First signs and symptoms of O157:H7 strain, which is a foodborne strain, start several hours or one day after consuming contaminated foods. The initial symptoms include abdominal cramps, which can be quite intense, and frequent and very watery diarrhea, sometimes with traces of blood in it. Diarrhea often becomes very severe and leads to dehydration.

Some patients exhibit no symptoms at all, or their symptoms are very mild and confused with the so-called stomach flu. In most cases the symptoms stop within five to ten days.

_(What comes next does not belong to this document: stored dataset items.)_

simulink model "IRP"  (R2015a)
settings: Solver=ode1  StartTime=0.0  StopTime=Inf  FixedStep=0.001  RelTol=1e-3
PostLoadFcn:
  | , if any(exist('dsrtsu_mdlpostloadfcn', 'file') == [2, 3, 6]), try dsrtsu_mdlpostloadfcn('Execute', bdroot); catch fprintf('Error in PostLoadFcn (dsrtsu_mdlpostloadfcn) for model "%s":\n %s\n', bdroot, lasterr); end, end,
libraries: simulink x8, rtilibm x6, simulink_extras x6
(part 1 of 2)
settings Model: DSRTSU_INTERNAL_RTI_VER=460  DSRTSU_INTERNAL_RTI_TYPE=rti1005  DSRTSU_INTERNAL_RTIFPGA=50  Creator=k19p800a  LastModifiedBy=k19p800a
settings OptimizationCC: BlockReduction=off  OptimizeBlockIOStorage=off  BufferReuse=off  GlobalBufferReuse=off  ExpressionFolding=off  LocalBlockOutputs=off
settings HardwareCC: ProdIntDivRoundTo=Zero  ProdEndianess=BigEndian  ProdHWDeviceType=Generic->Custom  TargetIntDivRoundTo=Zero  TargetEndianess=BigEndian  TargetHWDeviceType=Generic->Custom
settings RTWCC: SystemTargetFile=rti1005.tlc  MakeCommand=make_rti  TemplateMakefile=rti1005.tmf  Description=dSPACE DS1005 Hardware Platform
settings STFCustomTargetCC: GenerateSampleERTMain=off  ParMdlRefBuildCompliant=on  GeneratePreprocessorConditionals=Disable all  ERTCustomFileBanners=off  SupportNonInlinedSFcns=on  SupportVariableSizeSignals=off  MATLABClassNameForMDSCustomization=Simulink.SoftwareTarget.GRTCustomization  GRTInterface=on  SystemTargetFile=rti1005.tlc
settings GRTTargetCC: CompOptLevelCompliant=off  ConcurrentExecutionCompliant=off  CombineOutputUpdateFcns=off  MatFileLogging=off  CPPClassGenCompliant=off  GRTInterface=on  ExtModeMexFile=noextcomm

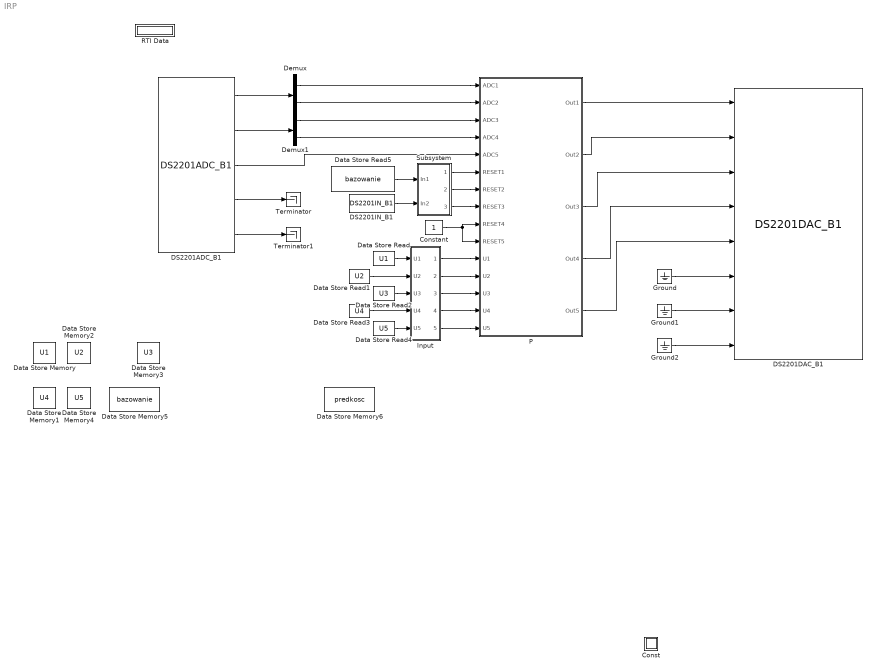
== system IRP ==
  Const : Subsystem
  Constant : Constant
  DS2201ADC_B1 : rtilibm/DS2201/DS2201ADC_B1  BoardNo=1  channelNo1=[1 2 3 4]  channelNo2=[5 6 7 8]  channelNo3=[9 10]  channelNo4=-1  channelNo5=-1  DialogFcn=gui2201adc  UnitName={'DS2201ADC_B'}  UnitValues={ 1 }  DSProperties=struct('RTI',struct('Version',uint32(1),'BlockType',struct('isSLSource',uint8(1),'isSLSink',uint8(0),'isHWSource',uint8(1),'isHWSink',uint8(0),'isSetup',uint8(0),'isInline',uint8(1),'isNonInline',uint8(0),'isInterrupt',uint8(0),'isChannelwise',uint8(0)),'IOBoardType','DS2201','UnitType','ADC','Identifier','ADCMUX','DialogType','ML','BlockSet','NONE','SlaveProcessor','NONE'))
  DS2201DAC_B1 : rtilibm/DS2201/DS2201DAC_B1  BoardNo=1  IOErrorMode=[0 0]  InitValue=[0 0 0 0 0 0 0 0]  TermMode=[1 1 1 1 1 1 1 1]  TermValue=[0 0 0 0 0 0 0 0]  DialogFcn=gui2201dac  UnitName={'DS2201DAC_B'}  UnitValues={ 1 }  DSProperties=struct('RTI',struct('Version',uint32(1),'BlockType',struct('isSLSource',uint8(0),'isSLSink',uint8(1),'isHWSource',uint8(0),'isHWSink',uint8(1),'isSetup',uint8(0),'isInline',uint8(1),'isNonInline',uint8(0),'isInterrupt',uint8(0),'isChannelwise',uint8(0)),'IOBoardType','DS2201','UnitType','DAC','Identifier','DAC','DialogType','ML','BlockSet','NONE','SlaveProcessor','NONE'))
  DS2201IN_B1 : rtilibm/DS2201/DS2201IN_B1  BoardNo=1  ChannelNos=[1 2 3 4 5]  DialogFcn=gui2201in  UnitName={ 'DS2201IN_B' }  UnitValues={ 1 }  DSProperties=struct('RTI',struct('Version',uint32(1),'BlockType',struct('isSLSource',uint8(1),'isSLSink',uint8(0),'isHWSource',uint8(1),'isHWSink',uint8(0),'isSetup',uint8(0),'isInline',uint8(1),'isNonInline',uint8(0),'isInterrupt',uint8(0),'isChannelwise',uint8(0)),'IOBoardType','DS2201','UnitType','BIT','Identifier','BITIN','DialogType','ML','BlockSet','NONE','SlaveProcessor','NONE'))
  Data Store Memory : DataStoreMemory  DataStoreName=U1  ReadBeforeWriteMsg=warning  WriteAfterWriteMsg=warning  WriteAfterReadMsg=warning
  Data Store Memory1 : DataStoreMemory  DataStoreName=U4  ReadBeforeWriteMsg=warning  WriteAfterWriteMsg=warning  WriteAfterReadMsg=warning
  Data Store Memory2 : DataStoreMemory  DataStoreName=U2  ReadBeforeWriteMsg=warning  WriteAfterWriteMsg=warning  WriteAfterReadMsg=warning
  Data Store Memory3 : DataStoreMemory  DataStoreName=U3  ReadBeforeWriteMsg=warning  WriteAfterWriteMsg=warning  WriteAfterReadMsg=warning
  Data Store Memory4 : DataStoreMemory  DataStoreName=U5  ReadBeforeWriteMsg=warning  WriteAfterWriteMsg=warning  WriteAfterReadMsg=warning
  Data Store Memory5 : DataStoreMemory  DataStoreName=bazowanie  ReadBeforeWriteMsg=warning  WriteAfterWriteMsg=warning  WriteAfterReadMsg=warning
  Data Store Memory6 : DataStoreMemory  DataStoreName=predkosc  ReadBeforeWriteMsg=warning  WriteAfterWriteMsg=warning  WriteAfterReadMsg=warning
  Data Store Read : DataStoreRead  DataStoreName=U1
  Data Store Read1 : DataStoreRead  DataStoreName=U2
  Data Store Read2 : DataStoreRead  DataStoreName=U3
  Data Store Read3 : DataStoreRead  DataStoreName=U4
  Data Store Read4 : DataStoreRead  DataStoreName=U5
  Data Store Read5 : DataStoreRead  DataStoreName=bazowanie
  Demux : Demux  Outputs=2
  Demux1 : Demux  Outputs=2
  Ground : Ground
  Ground1 : Ground
  Ground2 : Ground
  Input : Subsystem
  "P " : Subsystem
  RTI Data : Subsystem  Tag=struct('RTIDataServer',struct('RTIDataServerVs','2','RTIModelDescription','struct(''main'',''IRP'',''sub'','''',''isMp'',0)'))  LoadFcn="if exist('rtidc'), try,  rtidc('DataHostBlockClbLoad', gcbh); catch, disp(['Warning: ''LoadFcn'' for RTI Data block failed: ' lasterr]); end, end,"  mask(RTI_DATA_HOST){}
      mask help:
      | RTI Data Block.
      | This block is used by RTI to store internal model-dependent data.
      | Please keep this block on the root level of the model. Deleting this block will result in data loss.
      |
      | NEVER DELETE OR COPY THIS BLOCK!
      settings: CopyFcn="if exist('rtidc'), try,  rtidc('DataHostBlockClbCopy', gcbh); catch, disp(['Warning: ''CopyFcn'' for RTI Data block failed: ' lasterr]); end, end,"  DeleteFcn="if exist('rtidc'), try,  rtidc('DataHostBlockClbDelete', gcbh); catch, disp(['Warning: ''DeleteFcn'' for RTI Data block failed: ' lasterr]); end, end,"  ModelCloseFcn="if exist('rtidc'), try,  rtidc('DataHostBlockClbModelClose', gcbh); catch, disp(['Warning: ''ModelCloseFcn'' for RTI Data block failed: ' lasterr]); end, end,"  PreSaveFcn="if exist('rtidc'), try,  rtidc('DataHostBlockClbPreSave', gcbh); catch, disp(['Warning: ''PreSaveFcn'' for RTI Data block failed: ' lasterr]); end, end,"  PostSaveFcn="if exist('rtidc'), try,  rtidc('DataHostBlockClbPostSave', gcbh); catch, disp(['Warning: ''PostSaveFcn'' for RTI Data block failed: ' lasterr]); end, end,"  NameChangeFcn="if exist('rtidc'), try,  rtidc('DataHostBlockClbNameChange', gcbh); catch, disp(['Warning: ''NameChangeFcn'' for RTI Data block failed: ' lasterr]); end, end,"
      mask Help:
      | RTI Data Block.
      | This block is used by RTI to store internal model-dependent data.
      | Please keep this block on the root level of the model. Deleting this block will result in data loss.
      | 
      | NEVER DELETE OR COPY THIS BLOCK!
      mask Display:
      | text(0.5, 0.5, 'RTI Data', 'HorizontalAlignment', 'center');
      | plot([1 0]);
  Subsystem : Subsystem
  Terminator : Terminator
  Terminator1 : Terminator
  wires:
  DS2201ADC_B1/1 -> Demux/1
  DS2201ADC_B1/2 -> Demux1/1
  DS2201ADC_B1/4 -> Terminator/1
  DS2201ADC_B1/5 -> Terminator1/1
  Demux/1 -> "P "/1("ADC1 ")
  Demux/2 -> "P "/2(ADC2)
  Demux1/1 -> "P "/3(ADC3)
  Demux1/2 -> "P "/4(ADC4)
  DS2201ADC_B1/3 -> "P "/5(ADC5)
  "P "/1(Out1) -> DS2201DAC_B1/1
  "P "/2(Out2) -> DS2201DAC_B1/2
  "P "/3(Out3) -> DS2201DAC_B1/3
  "P "/4(Out4) -> DS2201DAC_B1/4
  "P "/5(Out5) -> DS2201DAC_B1/5
  Ground/1 -> DS2201DAC_B1/6
  Ground1/1 -> DS2201DAC_B1/7
  Ground2/1 -> DS2201DAC_B1/8
  Input/1(Out1) -> "P "/11(U1)
  Input/2(Out2) -> "P "/12(U2)
  Input/3(Out3) -> "P "/13(U3)
  Input/4(Out4) -> "P "/14(U4)
  Input/5(Out5) -> "P "/15(U5)
  Data Store Read/1 -> Input/1(U1)
  Data Store Read1/1 -> Input/2(U2)
  Data Store Read2/1 -> Input/3(U3)
  Data Store Read3/1 -> Input/4(U4)
  Data Store Read4/1 -> Input/5(U5)
  Data Store Read5/1 -> Subsystem/1(In1)
  DS2201IN_B1/1 -> Subsystem/2(In2)
  Subsystem/1(Res1) -> "P "/6(RESET1)
  Subsystem/2(Res2) -> "P "/7(RESET2)
  Subsystem/3(Res3) -> "P "/8(RESET3)
  Constant/1 -> "P "/10(RESET5), "P "/9(RESET4)

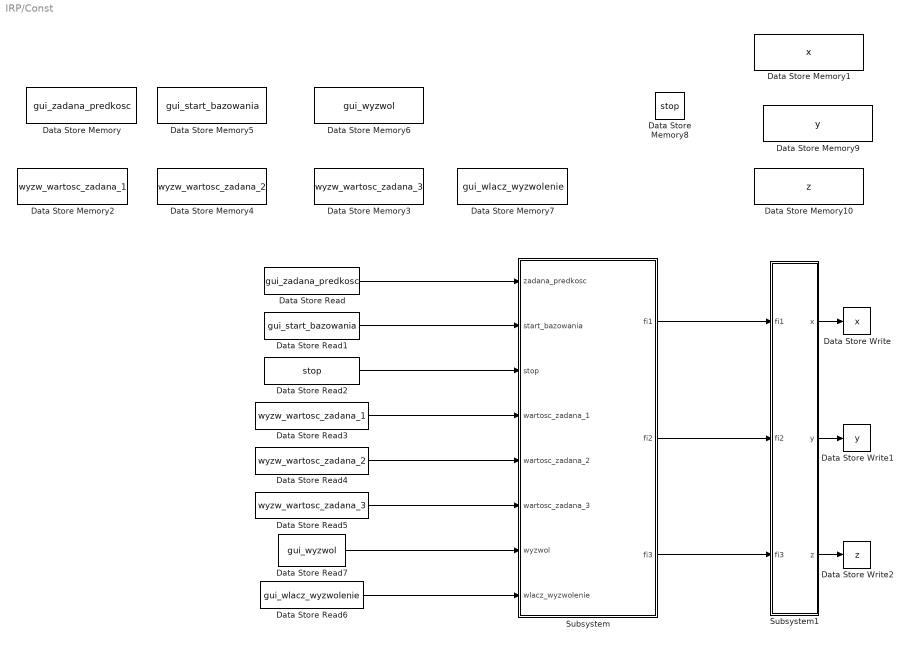
== system IRP/Const ==
  Data Store Memory : DataStoreMemory  DataStoreName=gui_zadana_predkosc  ReadBeforeWriteMsg=warning  WriteAfterWriteMsg=warning  WriteAfterReadMsg=warning  InitialValue=100
  Data Store Memory1 : DataStoreMemory  DataStoreName=x  ReadBeforeWriteMsg=warning  WriteAfterWriteMsg=warning  WriteAfterReadMsg=warning
  Data Store Memory10 : DataStoreMemory  DataStoreName=z  ReadBeforeWriteMsg=warning  WriteAfterWriteMsg=warning  WriteAfterReadMsg=warning
  Data Store Memory2 : DataStoreMemory  DataStoreName=wyzw_wartosc_zadana_1  ReadBeforeWriteMsg=warning  WriteAfterWriteMsg=warning  WriteAfterReadMsg=warning
  Data Store Memory3 : DataStoreMemory  DataStoreName=wyzw_wartosc_zadana_3  ReadBeforeWriteMsg=warning  WriteAfterWriteMsg=warning  WriteAfterReadMsg=warning
  Data Store Memory4 : DataStoreMemory  DataStoreName=wyzw_wartosc_zadana_2  ReadBeforeWriteMsg=warning  WriteAfterWriteMsg=warning  WriteAfterReadMsg=warning
  Data Store Memory5 : DataStoreMemory  DataStoreName=gui_start_bazowania  ReadBeforeWriteMsg=warning  WriteAfterWriteMsg=warning  WriteAfterReadMsg=warning
  Data Store Memory6 : DataStoreMemory  DataStoreName=gui_wyzwol  ReadBeforeWriteMsg=warning  WriteAfterWriteMsg=warning  WriteAfterReadMsg=warning
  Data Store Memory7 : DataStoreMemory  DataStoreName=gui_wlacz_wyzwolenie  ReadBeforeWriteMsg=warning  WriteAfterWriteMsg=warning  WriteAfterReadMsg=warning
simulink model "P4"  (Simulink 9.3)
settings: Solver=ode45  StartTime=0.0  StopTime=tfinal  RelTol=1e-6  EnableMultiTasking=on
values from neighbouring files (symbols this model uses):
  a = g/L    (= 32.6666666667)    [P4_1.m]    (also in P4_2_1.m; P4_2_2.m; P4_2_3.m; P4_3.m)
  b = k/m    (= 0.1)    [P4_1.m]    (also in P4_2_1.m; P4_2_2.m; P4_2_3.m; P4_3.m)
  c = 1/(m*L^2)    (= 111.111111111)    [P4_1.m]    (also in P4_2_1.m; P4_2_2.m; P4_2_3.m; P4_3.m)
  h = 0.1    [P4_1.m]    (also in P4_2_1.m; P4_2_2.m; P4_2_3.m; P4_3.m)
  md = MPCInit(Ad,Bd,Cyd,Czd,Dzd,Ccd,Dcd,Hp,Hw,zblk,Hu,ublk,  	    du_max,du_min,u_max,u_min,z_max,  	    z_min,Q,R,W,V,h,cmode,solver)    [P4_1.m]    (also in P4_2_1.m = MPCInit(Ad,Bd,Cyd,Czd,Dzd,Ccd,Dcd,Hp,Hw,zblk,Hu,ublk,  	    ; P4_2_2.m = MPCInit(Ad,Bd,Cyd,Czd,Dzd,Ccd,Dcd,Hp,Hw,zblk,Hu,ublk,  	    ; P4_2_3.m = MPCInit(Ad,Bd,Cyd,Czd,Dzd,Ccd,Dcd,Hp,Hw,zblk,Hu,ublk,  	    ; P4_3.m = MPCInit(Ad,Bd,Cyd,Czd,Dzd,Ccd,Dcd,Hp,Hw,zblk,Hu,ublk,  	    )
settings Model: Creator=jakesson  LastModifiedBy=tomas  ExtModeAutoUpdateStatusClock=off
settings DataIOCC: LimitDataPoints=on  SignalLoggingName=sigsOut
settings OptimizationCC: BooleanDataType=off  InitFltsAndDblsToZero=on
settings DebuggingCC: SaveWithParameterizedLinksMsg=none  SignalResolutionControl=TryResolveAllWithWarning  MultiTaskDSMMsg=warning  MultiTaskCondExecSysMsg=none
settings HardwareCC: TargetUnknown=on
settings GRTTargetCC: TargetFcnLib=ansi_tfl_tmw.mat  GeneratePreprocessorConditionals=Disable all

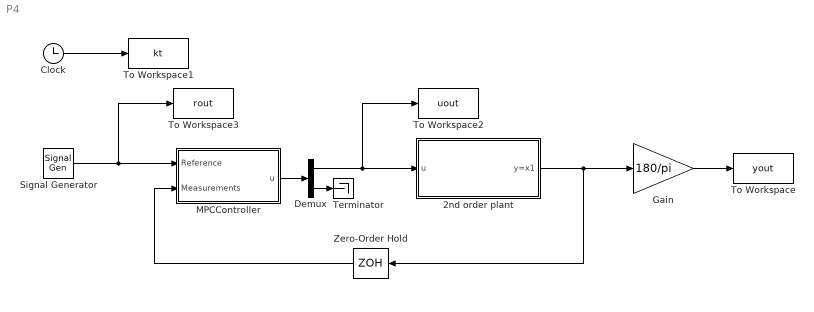
== system P4 ==
  2nd order plant : Subsystem
  Clock : Clock
  Demux : Demux  Outputs=[md.m md.ne]
  Gain : Gain  Gain=180/pi
  MPCController : Subsystem  mask{md=md}
      mask prompts: md "MPCData"
  Signal Generator : SignalGenerator  WaveForm=square  Amplitude=0  Units=rad/sec
  Terminator : Terminator
  To Workspace : ToWorkspace  VariableName=yout  SampleTime=-1
  To Workspace1 : ToWorkspace  VariableName=kt  SampleTime=-1
  To Workspace2 : ToWorkspace  VariableName=uout  SampleTime=-1
  To Workspace3 : ToWorkspace  VariableName=rout  SampleTime=-1
  Zero-Order Hold : ZeroOrderHold  SampleTime=h
  wires:
  Demux/2 -> Terminator/1
  MPCController/1(u) -> Demux/1
  Clock/1 -> To Workspace1/1
  Demux/1 -> 2nd order plant/1(u), To Workspace2/1
  Signal Generator/1 -> To Workspace3/1, MPCController/1(Reference)
  2nd order plant/1(y=x1) -> Zero-Order Hold/1, Gain/1
  Zero-Order Hold/1 -> MPCController/2(Measurements)
  Gain/1 -> To Workspace/1

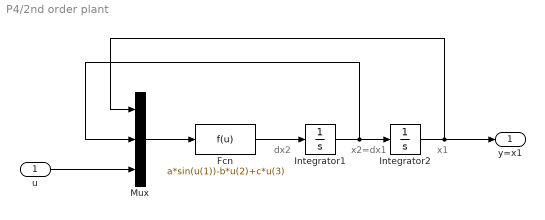
== system P4/2nd order plant ==
  note: x2=dx1
  note: dx2
  note: x1
  u : Inport
  Fcn : Fcn  Expr=a*sin(u(1))-b*u(2)+c*u(3)
  "Integrator1 " : Integrator
  "Integrator2 " : Integrator  InitialCondition=20*pi/180
  Mux : Mux  Inputs=3
  y=x1 : Outport
  wires:
  u/1 -> Mux/3
  Mux/1 -> Fcn/1
  "Integrator1 "/1 -> Mux/2, "Integrator2 "/1
  Fcn/1 -> "Integrator1 "/1
  "Integrator2 "/1 -> y=x1/1, Mux/1

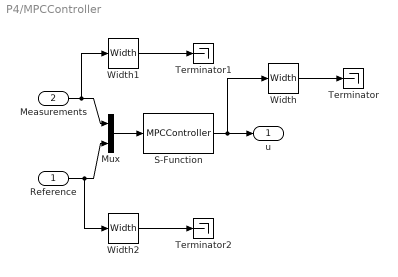
== system P4/MPCController ==
  Reference : Inport
  Measurements : Inport  Port=2
  Mux : Mux  Inputs=2
  S-Function : S-Function  FunctionName=MPCController  Parameters=md  SFunctionDeploymentMode=off  EnableBusSupport=off
  Terminator : Terminator
  Terminator1 : Terminator
  Terminator2 : Terminator
  Width : Width
  Width1 : Width
  Width2 : Width
  u : Outport
  wires:
  Mux/1 -> S-Function/1
  Measurements/1 -> Width1/1, Mux/1
  Reference/1 -> Width2/1, Mux/2
  S-Function/1 -> Width/1, u/1
  Width/1 -> Terminator/1
  Width1/1 -> Terminator1/1
  Width2/1 -> Terminator2/1
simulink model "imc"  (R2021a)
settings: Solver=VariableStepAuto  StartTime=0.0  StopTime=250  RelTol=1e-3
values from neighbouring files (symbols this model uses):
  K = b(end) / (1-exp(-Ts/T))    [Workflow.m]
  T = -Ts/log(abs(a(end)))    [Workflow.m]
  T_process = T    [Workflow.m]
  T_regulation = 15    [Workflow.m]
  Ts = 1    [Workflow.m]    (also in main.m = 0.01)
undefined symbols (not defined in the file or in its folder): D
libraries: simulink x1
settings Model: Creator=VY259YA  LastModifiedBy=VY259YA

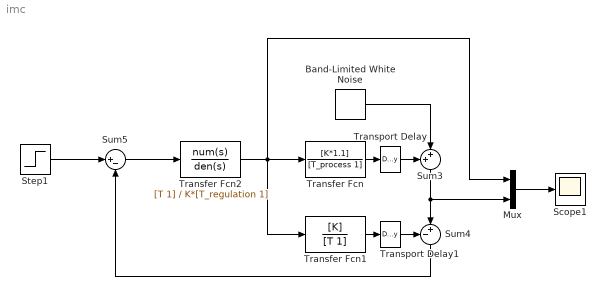
== system imc ==
  Band-Limited White Noise : simulink/Sources/Band-Limited White Noise  Cov=[0.001]  Ts=0.1  seed=[23341]
  Mux : Mux  Inputs=2
  Scope1 : Scope
  Step1 : Step  Time=0  SampleTime=Ts
  Sum3 : Sum  Inputs=++|
  Sum4 : Sum  Inputs=-+|
  Sum5 : Sum  Inputs=|+-
  Transfer Fcn : TransferFcn  Numerator=[K*1.1]  Denominator=[T_process 1]
  Transfer Fcn1 : TransferFcn  Numerator=[K]  Denominator=[T 1]
  Transfer Fcn2 : TransferFcn  Numerator=[T 1]  Denominator=K*[T_regulation 1]
  Transport Delay : TransportDelay  DelayTime=D
  Transport Delay1 : TransportDelay  DelayTime=D
  wires:
  Transfer Fcn2/1 -> Transfer Fcn1/1, Mux/1, Transfer Fcn/1
  Sum3/1 -> Mux/2, Sum4/2
  Transfer Fcn1/1 -> Transport Delay1/1
  Transfer Fcn/1 -> Transport Delay/1
  Step1/1 -> Sum5/1
  Sum5/1 -> Transfer Fcn2/1
  Sum4/1 -> Sum5/2
  Mux/1 -> Scope1/1
  Band-Limited White Noise/1 -> Sum3/2
  Transport Delay/1 -> Sum3/1
  Transport Delay1/1 -> Sum4/1

The typical symptoms of foodborne E. coli are not very dangerous, especially if dehydration is prevented with appropriate intake of fluids. However, in some cases certain complications develop and they can be quite dangerous.

Hemolytic uremic syndrome

In about two to seven percent of cases, patients develop hemolytic uremic syndrome, characterized by destruction of red blood cells, damage to the blood vessels and kidney failure. Persons who are at higher risk of hemolytic uremic syndrome are children and older people.

A similar syndrome called thrombotic thrombocytopenic purpura, with anemia, low platelet count and potential kidney failure is another possible complication from foodborne E. coli, usually affecting the adults.


The infection with E. coli O157:H7 is diagnosed basing on the laboratory tests which check for the presence of this bacterial strain in the stool. As for the treatment, in most cases antibiotics are not necessary, although many practitioners prefer prescribing a short course of antibiotics just in case. On the other hand, some experts believe that prescribing antibiotics for E. coli will not only do nothing for the course of the illness but it will also increase the risk of kidney complications.